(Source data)
════════════════

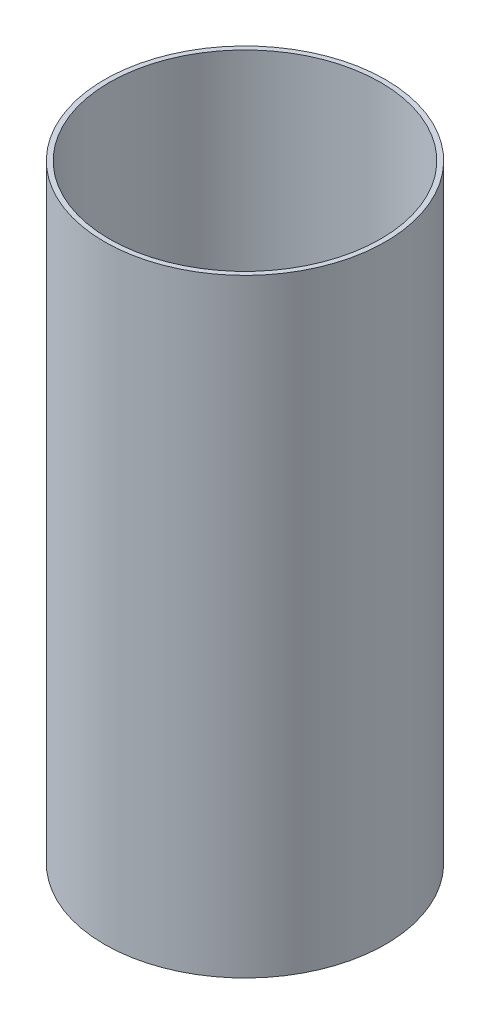
SolidWorks part; units mm, degrees
material "Acrylic (Medium-high impact)"
ref_plane "Front Plane" through (0, 0, 0) normal (0, 0, 1) x (1, 0, 0)
ref_plane "Top Plane" through (0, 0, 0) normal (0, 1, 0) x (1, 0, 0)
ref_plane "Right Plane" through (0, 0, 0) normal (1, 0, 0) x (0, 0, -1)
sketch "Sketch1" plane through (0, 0, 0) normal (0, 1, 0) x (1, 0, 0)
  circle A0 centre (0, 0) radius 92.075
  circle A1 centre (0, 0) radius 88.9
  dimension "D1" = 184.15
  dimension "D2" = 177.8
extrude "Boss-Extrude1" add sketch "Sketch1" along normal mid plane 398.78
ref_plane "Plane1" through (0, 0, 92.075) normal (0, 0, 1) x (1, 0, 0)
sketch "Sketch3" plane through (0, 0, 92.075) normal (0, 0, 1) x (1, 0, 0)
  line L0 (0, -55) -> (0, 55) construction
  line L1 (-92.075, -199.39) -> (92.075, -199.39) construction
  circle A0 centre (0, -193.04) radius 1.4351
  dimension "D1" = 2.8702
  dimension "D2" = 6.35
extrude "Cut-Extrude1" [suppressed] cut sketch "Sketch3" against normal blind 19.304
pattern_circular "CirPattern1" [suppressed] count 12 over 360
mirror "Mirror1" [suppressed] about plane through (0, 0, 0) normal (0, 1, 0)
sketch "Sketch4" [suppressed] plane through (0, 0, 93.6625) normal (0, 0, 1) x (1, 0, 0)
  line L0 (0, -103.0288) -> (0, 103.0288) construction
  circle A0 centre (0, 64.3636) radius 1.4351
  circle A1 centre (0, -64.3636) radius 1.4351
  circle A2 centre (0, 193.04) radius 1.4351 construction
  circle A3 centre (0, -193.04) radius 1.4351 construction
  dimension "D1" = 128.6764
  dimension "D2" = 128.6764
  dimension "D3" = 2.8702
  dimension "D4" = 2.8702
extrude "Cut-Extrude2" [suppressed] cut sketch "Sketch4" against normal blind 43.18
pattern_circular "CirPattern2" [suppressed] count 3 over 360

════════════════

### Exercise goal
Exactly as they stand, the entries must be written out again, pictures excluded.

### Solution to this exercise
SolidWorks part; units mm, degrees
material "Acrylic (Medium-high impact)"
ref_plane "Front Plane" through (0, 0, 0) normal (0, 0, 1) x (1, 0, 0)
ref_plane "Top Plane" through (0, 0, 0) normal (0, 1, 0) x (1, 0, 0)
ref_plane "Right Plane" through (0, 0, 0) normal (1, 0, 0) x (0, 0, -1)
sketch "Sketch1" plane through (0, 0, 0) normal (0, 1, 0) x (1, 0, 0)
  circle A0 centre (0, 0) radius 92.075
  circle A1 centre (0, 0) radius 88.9
  dimension "D1" = 184.15
  dimension "D2" = 177.8
extrude "Boss-Extrude1" add sketch "Sketch1" along normal mid plane 398.78
ref_plane "Plane1" through (0, 0, 92.075) normal (0, 0, 1) x (1, 0, 0)
sketch "Sketch3" plane through (0, 0, 92.075) normal (0, 0, 1) x (1, 0, 0)
  line L0 (0, -55) -> (0, 55) construction
  line L1 (-92.075, -199.39) -> (92.075, -199.39) construction
  circle A0 centre (0, -193.04) radius 1.4351
  dimension "D1" = 2.8702
  dimension "D2" = 6.35
extrude "Cut-Extrude1" [suppressed] cut sketch "Sketch3" against normal blind 19.304
pattern_circular "CirPattern1" [suppressed] count 12 over 360
mirror "Mirror1" [suppressed] about plane through (0, 0, 0) normal (0, 1, 0)
sketch "Sketch4" [suppressed] plane through (0, 0, 93.6625) normal (0, 0, 1) x (1, 0, 0)
  line L0 (0, -103.0288) -> (0, 103.0288) construction
  circle A0 centre (0, 64.3636) radius 1.4351
  circle A1 centre (0, -64.3636) radius 1.4351
  circle A2 centre (0, 193.04) radius 1.4351 construction
  circle A3 centre (0, -193.04) radius 1.4351 construction
  dimension "D1" = 128.6764
  dimension "D2" = 128.6764
  dimension "D3" = 2.8702
  dimension "D4" = 2.8702
extrude "Cut-Extrude2" [suppressed] cut sketch "Sketch4" against normal blind 43.18
pattern_circular "CirPattern2" [suppressed] count 3 over 360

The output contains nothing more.